By Anya Josephs
Thanks to SPARK’s generous friends at the Geena Davis Institute on Gender and Media, I was able to join SPARK Executive Director Dana Edell and Program Coordinator Melissa Campbell at the 2nd Global Symposium on Gender in the Media. This afternoon-long conversation featured speeches by Geena Davis and Phumzile Mlambo-Ngcuka, the Executive-Director of UN Women, as well as panels on global storytelling and the impact the media can have on issues concerning girls. However, the centerpiece of the afternoon was really the presentation by Dr. Stacy L. Smith of the USC Annenberg School for Communication and Journalism, on the research she and her team have done, “Gender Bias Without Borders.”
This work is so incredibly vital. Smith and her team have worked hard to come up with solid statistics that prove just how wide the gender gap of representation in films and television is. A lot of the work we do here at SPARK is on that subject, but we often talk about specific films or television shows, whether we’re praising or critiquing them. In other words, we have anecdotes—individual examples, considered in isolation. Smith’s work allows us to see a broader picture of the status of women and girls in the media—and the picture is very grim indeed.
In the 120 films and 5,799 speaking roles surveyed, 31% of speaking roles belong to women, and a mere 23% of protagonists are women. Only 10% of films in the sample have an equal number of girls and boys in the cast. Women onscreen are almost all sexualized. The women that do appear are rarely in positions of leadership—for instance, of the thousands of characters studied, there were only 11 female CEOs, and two of those 11 were Marvel character Pepper Potts (who was gifted her fictional corporation by her boyfriend). There are almost no fields were men and women have parity in representation. This is the first global study of its kind, and Smith’s research shows that it isn’t just a problem of US media. All around the world, girls and women are being mis- and underrepresented in media. However, it also a uniquely American responsibility, since so much media (up to 80% of films worldwide) is created in the U.S.
This isn’t just a question of the media. The Institute’s motto is “if she can see it, she can be it”—they argue that girls need many possibilities for their lives represented in the media. They point to the fact that the proportion of women in crowd scenes in movies—17%– is the same as the proportion of women in many arenas of the real world, from Fortune 500 boardrooms to tenured professorships. Their suggestion is that we get so used to not seeing women in the media that we don’t notice that we’re not seeing them in the real world either. Media creates the expectation that girls and women are sexualized, disempowered, or just plain not there—and that makes people complacent when women are sexualized, disempowered, and invisible in the real world as well.
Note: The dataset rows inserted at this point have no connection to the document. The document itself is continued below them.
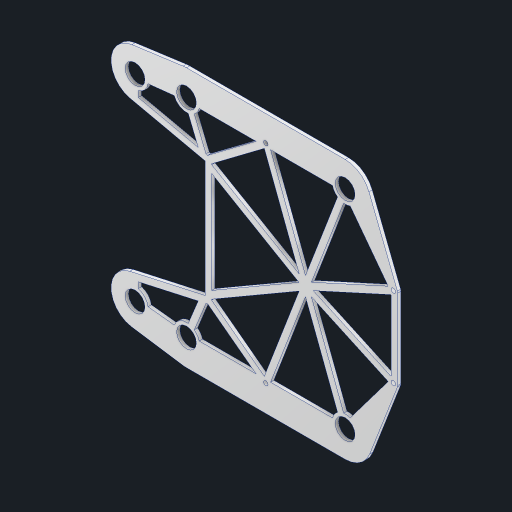
# Autodesk Inventor part: OUTK_002_ShotPlateNoReceptacle
Saved by Autodesk Inventor 2024.2 (Build 282272000, 272)
## iProperties
Created: 2024-11-24
Part Number: OUTK_002_ShotPlateNoReceptacle
Material: Aluminum 6061
Document SubType Name: Modeling
Designer: Bryan
Density: 2.7 g/cm^3
Appearance: Aluminum - Flat
Mass: 1558.28 g
Surface Area: 2532.23 cm^2
Volume: 577.142 cm^3
Author: Bryan
Autodesk Inventor part; units mm, degrees
ref_plane "YZ Plane" through (0, 0, 0) normal (1, 0, 0) x (0, 1, 0)
ref_plane "XZ Plane" through (0, 0, 0) normal (0, 1, 0) x (-1, 0, 0)
ref_plane "XY Plane" through (0, 0, 0) normal (0, 0, 1) x (1, 0, 0)
sketch "Sketch1" plane through (0, 0, 0) normal (0, 0, 1) x (1, 0, 0)
  circle A0 centre (0, 142.875) radius 63.5 construction
  circle A1 centre (0, 142.875) radius 25.4 construction
  circle A2 centre (0, -142.875) radius 25.4 construction
  circle A3 centre (0, -142.875) radius 63.5 construction
  line L0 (0, 79.375) -> (0, 79.375) construction
  line L1 (0, -79.375) -> (0, -79.375) construction
  line L2 (0, 0) -> (228.6, 0) construction
  line L3 (0, 142.875) -> (304.8, 142.875) construction
  line L4 (304.8, 142.875) -> (304.8, -142.875) construction
  line L5 (304.8, -142.875) -> (0, -142.875) construction
  circle A4 centre (228.6, 0) radius 127 construction
  circle A5 centre (0, 142.875) radius 14.2875
  circle A6 centre (0, -142.875) radius 14.2875
  circle A7 centre (0, 142.875) radius 34.925 construction
  circle A8 centre (0, -142.875) radius 34.925 construction
  circle A9 centre (74.585, -150.8125) radius 22.225 construction
  circle A10 centre (74.585, -150.8125) radius 33.3375 construction
  circle A11 centre (74.585, -150.8125) radius 11.1125 construction
  line L6 (74.585, -139.7) -> (74.585, -128.5875) construction
  line L7 (74.585, -117.475) -> (74.585, -128.5875) construction
  circle A12 centre (304.8, -150.8125) radius 33.3375 construction
  circle A13 centre (304.8, -150.8125) radius 14.2875
  circle A14 centre (374.65, 58.0572) radius 6.35 construction
  circle A15 centre (374.65, -58.0572) radius 6.35 construction
  line L8 (304.8, 150.8125) -> (374.65, 58.0572) construction
  line L9 (374.65, 58.0572) -> (374.65, -58.0572) construction
  line L10 (374.65, -58.0572) -> (304.8, -150.8125) construction
  line L11 (-118.745, 84.5312) -> (101.6, 84.5312) construction
  line L12 (101.6, 84.5312) -> (101.6, -84.5312) construction
  line L13 (101.6, -84.5312) -> (-118.745, -84.5312) construction
  line L14 (-118.745, -84.5312) -> (-118.745, 84.5312) construction
  line L15 (0, 142.875) -> (0, 84.5312) construction
  line L16 (0, -84.5312) -> (0, -142.875) construction
  circle A16 centre (74.585, -150.8125) radius 14.2875
  line L17 (74.585, -117.475) -> (304.8, -117.475) construction
  circle A17 centre (74.585, 0) radius 127 construction
  circle A18 centre (0, 0) radius 127 construction
  circle A19 centre (0, 142.875) radius 6.35 construction
  circle A20 centre (74.585, 150.8125) radius 33.3375 construction
  circle A21 centre (304.8, 150.8125) radius 33.3375 construction
  circle A22 centre (304.8, 150.8125) radius 14.2875
  circle A23 centre (74.585, 150.8125) radius 14.2875
  circle A24 centre (74.585, 150.8125) radius 37.1475 construction
  circle A25 centre (304.8, 150.8125) radius 37.1475 construction
  circle A26 centre (304.8, -150.8125) radius 38.1 construction
  circle A27 centre (74.585, -150.8125) radius 38.1 construction
  line L18 (-4.7233, 177.4791) -> (69.5611, 187.6187)
  line L19 (74.585, 187.96) -> (304.8, 187.96)
  line L20 (339.3386, 164.488) -> (380.554, 60.3949)
  line L21 (381, 58.0572) -> (381, -58.0572)
  line L22 (68.953, -188.4939) -> (-5.1627, -177.4163)
  line L23 (220.4162, -245.7989) -> (237.7908, -293.5353) construction
  line L24 (237.7908, -293.5353) -> (381, -241.4114) construction
  line L25 (381, -241.4114) -> (363.6254, -193.675) construction
  line L26 (363.6254, -193.675) -> (220.4162, -245.7989) construction
  line L27 (-7.573, -108.7809) -> (101.6, -84.5312)
  line L28 (-7.573, 108.7809) -> (101.6, 84.5312)
  line L29 (101.6, 84.5312) -> (101.6, -84.5312)
  circle A28 centre (238.125, 0) radius 127
  line L30 (101.6, 0) -> (111.125, 0)
  line L31 (374.65, 0) -> (365.125, 0)
  circle A29 centre (220.4162, -245.7989) radius 3.2512 construction
  circle A30 centre (268.1526, -228.4242) radius 3.2512 construction
  circle A31 centre (315.889, -211.0496) radius 3.2512 construction
  circle A32 centre (363.6254, -193.675) radius 3.2512 construction
  circle A33 centre (237.7908, -293.5353) radius 3.2512 construction
  circle A34 centre (285.5272, -276.1606) radius 3.2512 construction
  circle A35 centre (333.2636, -258.786) radius 3.2512 construction
  circle A36 centre (381, -241.4114) radius 3.2512 construction
  line L32 (74.585, -188.9125) -> (304.8, -188.9125)
  line L33 (380.5737, -60.3445) -> (340.3424, -164.5364)
  arc A37 (-4.7233, 177.4791) -> (-7.573, 108.7809) centre (0, 142.875) ccw
  arc A38 (74.585, 187.96) -> (69.5611, 187.6187) centre (74.585, 150.8125) ccw
  arc A39 (339.3386, 164.488) -> (304.8, 187.96) centre (304.8, 150.8125) ccw
  arc A40 (381, 58.0572) -> (380.554, 60.3949) centre (374.65, 58.0572) ccw
  arc A41 (380.5737, -60.3445) -> (381, -58.0572) centre (374.65, -58.0572) ccw
  arc A42 (304.8, -188.9125) -> (340.3424, -164.5364) centre (304.8, -150.8125) ccw
  arc A43 (68.953, -188.4939) -> (74.585, -188.9125) centre (74.585, -150.8125) ccw
  arc A44 (-7.573, -108.7809) -> (-5.1627, -177.4163) centre (0, -142.875) ccw
  circle A45 centre (374.65, 58.0572) radius 3.2512
  circle A46 centre (374.65, -58.0572) radius 3.2512
  circle A47 centre (189.6925, 150.8125) radius 3.2512
  line L34 (74.585, 150.8125) -> (189.6925, 150.8125) construction
  line L35 (189.6925, 150.8125) -> (304.8, 150.8125) construction
  circle A48 centre (189.6925, -150.8125) radius 3.2512
  line L36 (74.585, -150.8125) -> (304.8, -150.8125) construction
  point P0 (0, 117.475)
  point P1 (0, -117.475)
  point P2 (304.8, 0)
  point P3 (228.6, -127)
  point P4 (228.6, -127)
  point P5 (355.6, 0)
  point P6 (0, 127)
  point P7 (0, 117.475)
  point P8 (0, 136.525)
  dimension "d1" = 50.8
  dimension "d16" = 44.45
  dimension "d20" = 22.225
  dimension "d33" = 12.7
  dimension "d0" = 127
  dimension "d3" = 285.75
  dimension "d4" = 254
  dimension "d6" = 158.75
  dimension "d7" = 234.95
  dimension "d11" = 28.575
  dimension "d12" = 28.575
  dimension "d13" = 69.85
  dimension "d14" = 69.85
  dimension "d19" = 76.2
  dimension "d22" = 304.8
  dimension "d24" = 28.575
  dimension "d26" = 12.7
  dimension "d27" = 12.7
  dimension "d28" = 19.05
  dimension "d29" = 220.345
  dimension "d30" = 169.0624
  dimension "d31" = 9.525
  dimension "d32" = 75.0062
  dimension "d34" = 9.525
  dimension "d35" = 19.05
  dimension "d37" = 3.81
  dimension "d38" = 3.81
  dimension "d39" = 4.7625
  dimension "d40" = 4.7625
  dimension "d43" = 20
  dimension "d44" = 6.5024
  dimension "d47" = 50.8
  dimension "d50" = 50.8
  dimension "d53" = 50.8
  dimension "d56" = 6.5024
  dimension "d57" = 6.5024
  dimension "d58" = 6.5024
  dimension "d105" = 230.215
  constraints: 74 end point, 41 centre point, 41 point on circle, 24 tangent, 21 coincident, 16 vertical alignment, 11 horizontal, 7 perpendicular, 7 point on line, 6 concentric, 6 equal length, 6 symmetric about line, 4 equal radius, 4 vertical, 3 horizontal alignment, 3 midpoint, 2 parallel, 41 other
  measures "d0" diameter of A0
  measures "d3" distance between parallel lines of L5 L3
  measures "d4" diameter of A4
  measures "d6" distance of L1.start L0.start
  measures "d7" distance of point (0, -117.475) point (0, 117.475)
  measures "d11" diameter of A5
  measures "d12" diameter of A6
  measures "d13" diameter of A7
  measures "d14" diameter of A8
  measures "d19" distance of point (304.8, 0) L2.end
  measures "d22" distance of L3.end A0.centre
  measures "d24" diameter of A13
  measures "d26" diameter of A14
  measures "d27" diameter of A15
  measures "d28" distance from line of L9 point (355.6, 0)
  measures "d29" distance of L12.end L13.end
  measures "d30" distance of L11.end L12.end
  measures "d31" distance from line of L17 A4.start
  measures "d32" distance of point (74.585, -150.812) point (0, -142.875)
  measures "d34" distance of point (0, 117.475) point (0, 127)
  measures "d35" distance of point (0, 117.475) point (0, 136.525)
  measures "d37" radial gap between concentric circles of A20 A24
  measures "d38" radial gap between concentric circles of A21 A25
  measures "d43" angle of L26 L5
  measures "d44" diameter of A29
  measures "d47" distance of A29.centre A30.centre
  measures "d50" distance of A29.centre A33.centre
  measures "d53" distance from line of L25.end L5
  measures "d56" diameter of A45
  measures "d57" diameter of A46
  measures "d58" diameter of A47
  measures "d105" distance of L36.start L36.end
extrude "Extrusion1" add sketch "Sketch1" along normal mid plane 4.7625 contours L18 A38 L19 A39 L20 A40 L21 A41 L33 A42 L32 A43 L22 A44 L27 L29 L28 A37 | A28
sketch "Sketch2" plane through (0, 0, -2.3813) normal (0, 0, -1) x (-1, 0, 0)
  line L0 (7.573, -108.7809) -> (-101.6, -84.5312) projected
  line L1 (-101.6, -84.5312) -> (-101.6, 84.5312) projected
  line L2 (-101.6, 84.5312) -> (7.573, 108.7809) projected
  arc A0 (7.573, 108.7809) -> (4.7233, 177.4791) centre (0, 142.875) ccw projected
  line L3 (4.7233, 177.4791) -> (-69.5611, 187.6187) projected
  arc A1 (-69.5611, 187.6187) -> (-74.585, 187.96) centre (-74.585, 150.8125) ccw projected
  line L4 (-74.585, 187.96) -> (-304.8, 187.96) projected
  arc A2 (-304.8, 187.96) -> (-339.3386, 164.488) centre (-304.8, 150.8125) ccw projected
  line L5 (-339.3386, 164.488) -> (-380.554, 60.3949) projected
  arc A3 (-380.554, 60.3949) -> (-381, 58.0572) centre (-374.65, 58.0572) ccw projected
  line L6 (-381, 58.0572) -> (-381, -58.0572) projected
  arc A4 (-381, -58.0572) -> (-380.5737, -60.3445) centre (-374.65, -58.0572) ccw projected
  line L7 (-380.5737, -60.3445) -> (-340.3424, -164.5364) projected
  arc A5 (-340.3424, -164.5364) -> (-304.8, -188.9125) centre (-304.8, -150.8125) ccw projected
  line L8 (-304.8, -188.9125) -> (-74.585, -188.9125) projected
  arc A6 (-74.585, -188.9125) -> (-68.953, -188.4939) centre (-74.585, -150.8125) ccw projected
  line L9 (-68.953, -188.4939) -> (5.1627, -177.4163) projected
  arc A7 (5.1627, -177.4163) -> (7.573, -108.7809) centre (0, -142.875) ccw projected
  circle A8 centre (-74.585, -150.8125) radius 14.2875 projected
  circle A9 centre (-74.585, 150.8125) radius 14.2875 projected
  circle A10 centre (-189.6925, 150.8125) radius 3.2512 projected
  circle A11 centre (-189.6925, -150.8125) radius 3.2512 projected
  circle A12 centre (-374.65, -58.0572) radius 3.2512 projected
  circle A13 centre (-374.65, 58.0572) radius 3.2512 projected
  circle A14 centre (-304.8, 150.8125) radius 14.2875 projected
  circle A15 centre (-304.8, -150.8125) radius 14.2875 projected
  circle A16 centre (0, -142.875) radius 14.2875 projected
  circle A17 centre (0, 142.875) radius 14.2875 projected
  line L10 (-106.3625, -88.3519) -> (6.5404, -113.4301)
  arc A18 (4.4587, -172.7061) -> (6.5404, -113.4301) centre (0, -142.875) ccw
  line L11 (4.4587, -172.7061) -> (-69.657, -183.7838)
  arc A19 (-74.585, -184.15) -> (-69.657, -183.7838) centre (-74.585, -150.8125) ccw
  line L12 (-74.585, -184.15) -> (-304.8, -184.15)
  arc A20 (-335.8996, -162.8209) -> (-304.8, -184.15) centre (-304.8, -150.8125) ccw
  line L13 (-335.8996, -162.8209) -> (-376.1309, -58.6291)
  arc A21 (-376.2375, -58.0572) -> (-376.1309, -58.6291) centre (-374.65, -58.0572) ccw
  line L14 (-376.2375, -58.0572) -> (-376.2375, 58.0572)
  arc A22 (-376.126, 58.6416) -> (-376.2375, 58.0572) centre (-374.65, 58.0572) ccw
  line L15 (-376.126, 58.6416) -> (-334.9106, 162.7347)
  arc A23 (-304.8, 183.1975) -> (-334.9106, 162.7347) centre (-304.8, 150.8125) ccw
  line L16 (-304.8, 183.1975) -> (-74.585, 183.1975)
  arc A24 (-70.2052, 182.9) -> (-74.585, 183.1975) centre (-74.585, 150.8125) ccw
  line L17 (-70.2052, 182.9) -> (4.0793, 172.7604)
  arc A25 (6.5404, 113.4301) -> (4.0793, 172.7604) centre (0, 142.875) ccw
  line L18 (6.5404, 113.4301) -> (-106.3625, 88.3519)
  line L19 (-106.3625, 88.3519) -> (-106.3625, -88.3519)
  circle A26 centre (-74.585, 150.8125) radius 19.05
  circle A27 centre (0, 142.875) radius 19.05
  circle A28 centre (-189.6925, 150.8125) radius 8.0137
  circle A29 centre (-304.8, 150.8125) radius 19.05
  circle A30 centre (-374.65, 58.0572) radius 8.0137
  circle A31 centre (-374.65, -58.0572) radius 8.0137
  circle A32 centre (-304.8, -150.8125) radius 19.05
  circle A33 centre (-189.6925, -150.8125) radius 8.0137
  circle A34 centre (-74.585, -150.8125) radius 19.05
  circle A35 centre (0, -142.875) radius 19.05
  line L20 (0, -142.875) -> (-74.585, -150.8125)
  line L21 (-74.585, -150.8125) -> (-71.7613, -188.8077)
  line L22 (-74.585, -150.8125) -> (-101.6, -84.5312)
  line L23 (-74.585, -150.8125) -> (-189.6925, -150.8125)
  line L24 (-189.6925, -150.8125) -> (-189.6925, -188.9125)
  line L25 (-189.6925, -150.8125) -> (-304.8, -150.8125)
  line L26 (-304.8, -150.8125) -> (-326.3491, -182.233)
  line L27 (-101.6, -84.5312) -> (-247.2463, 0)
  line L28 (-247.2463, 0) -> (-189.6925, -150.8125)
  line L29 (-304.8, -150.8125) -> (-247.2463, 0)
  line L30 (-247.2463, 0) -> (-374.65, -58.0572)
  line L31 (-247.2463, 0) -> (-374.65, 58.0572)
  line L32 (-374.65, 58.0572) -> (-304.8, 150.8125)
  line L33 (-304.8, 150.8125) -> (-189.6925, 150.8125)
  line L34 (-189.6925, 150.8125) -> (-74.585, 150.8125)
  line L35 (-74.585, 150.8125) -> (0, 142.875)
  line L36 (-101.6, -84.5312) -> (-189.6925, -150.8125)
  line L37 (-304.8, -150.8125) -> (-374.65, -58.0572)
  line L38 (-101.6, 84.5312) -> (-74.585, 150.8125)
  line L39 (-101.6, 84.5312) -> (-189.6925, 150.8125)
  line L40 (-101.6, 84.5312) -> (-247.2463, 0)
  line L41 (-247.2463, 0) -> (-189.6925, 150.8125)
  line L42 (-247.2463, 0) -> (-304.8, 150.8125)
  line L43 (-4.7625, -138.5924) -> (-75.089, -146.0767)
  line L44 (-70.1748, -149.015) -> (-99.7912, -76.351)
  line L45 (0, -142.875) -> (0, -111.9774)
  line L46 (-4.7625, -110.9195) -> (-4.7625, -138.5924)
  line L47 (0, 142.875) -> (0, 111.9774)
  line L48 (-99.7912, 76.351) -> (-70.1748, 149.015)
  line L49 (-108.6117, 79.9461) -> (-78.9953, 152.61)
  line L50 (-189.6925, 146.05) -> (-74.0459, 146.05)
  line L51 (-95.603, 85.979) -> (-186.8292, 154.6181)
  line L52 (-110.2034, 85.0444) -> (-254.722, 1.1677)
  line L53 (-101.3297, 78.3678) -> (-192.5559, 147.0069)
  line L54 (-241.8175, 0.868) -> (-184.3245, 151.5213)
  line L55 (-250.5386, 4.7303) -> (-193.0456, 155.3836)
  line L56 (-304.8, 146.05) -> (-189.6925, 146.05)
  line L57 (-244.0343, 4.9409) -> (-303.5695, 160.9454)
  line L58 (-253.0929, 1.963) -> (-312.6281, 157.9675)
  line L59 (-299.7883, 149.5508) -> (-367.277, 59.9311)
  line L60 (-367.277, 59.9311) -> (-252.4677, 7.6131)
  line L61 (-256.6012, -0.9707) -> (-382.023, 56.1834)
  line L62 (-382.023, 56.1834) -> (-307.3971, 155.2807)
  line L63 (-257.3107, 0.6474) -> (-382.023, -56.1834)
  line L64 (-382.023, -56.1834) -> (-307.3971, -155.2807)
  line L65 (-253.1772, -7.9364) -> (-367.277, -59.9311)
  line L66 (-367.277, -59.9311) -> (-299.7883, -149.5508)
  line L67 (-313.266, -159.6391) -> (-253.7308, -3.6346)
  line L68 (-251.9417, -1.0535) -> (-194.4487, -151.7068)
  line L69 (-243.2206, 2.8088) -> (-185.7277, -147.8445)
  line L70 (-304.2074, -162.617) -> (-244.6722, -6.6125)
  line L71 (-110.2034, -85.0444) -> (-254.722, -1.1677)
  line L72 (-106.3625, -76.2606) -> (-250.178, 7.2081)
  line L73 (-106.3625, 76.2606) -> (-250.178, -7.2081)
  line L74 (-78.9953, -152.61) -> (-108.6117, -79.9461)
  line L75 (-103.1152, -79.7113) -> (-194.3414, -148.3504)
  line L76 (-95.603, -85.979) -> (-186.8292, -154.6181)
  line L77 (-74.585, -146.05) -> (-190.2316, -146.05)
  line L78 (-189.6925, -146.05) -> (-305.3391, -146.05)
  line L79 (-75.089, 146.0767) -> (-4.7625, 138.5924)
  line L80 (-4.7625, 138.5924) -> (-4.7625, 110.9195)
  arc A36 (-376.2375, -6.35) -> (-371.3291, -6.2352) centre (-373.782, -6.35) ccw
  arc A37 (-371.3291, 6.2352) -> (-376.2375, 6.35) centre (-373.782, 6.35) ccw
  line L81 (-247.2463, 0) -> (-365.125, 0)
  line L82 (-111.125, 92.1726) -> (5.5077, 118.0793)
  arc A38 (5.5077, 118.0793) -> (3.4352, 168.0416) centre (0, 142.875) ccw
  line L83 (3.4352, 168.0416) -> (-70.8493, 178.1812)
  arc A39 (-70.8493, 178.1812) -> (-74.585, 178.435) centre (-74.585, 150.8125) ccw
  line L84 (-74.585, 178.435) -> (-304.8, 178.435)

The problem is huge, and progress is slow. In her keynote, Ms. Davis mentioned that at the current rate of improvement, women will have equal representation in the media in a mere seven hundred years. However, it isn’t all bad news.
At the conference, Ms. Davis described the responses she’d gotten from content creators—directors, producers, and screenwriters—she presented this data to. She didn’t get apathy or disinterest. Instead, most of the people who saw this information hadn’t recognized the problem and were deeply concerned to realize they were perpetuating this problem. She even said that many have already made changes based on her report.
The symposium was an event that reinforced the best and worst things about women’s representation in the media. It clarified—and proved rigorously—just how far we have to go, and how slow progress has been. Yet it also emphasized the hard work people everywhere are doing to overcome these problems. With the dedication and commitment of organizers, activists, and researchers, there is hope to show the next generation of girls and boys a brighter image of what they can be.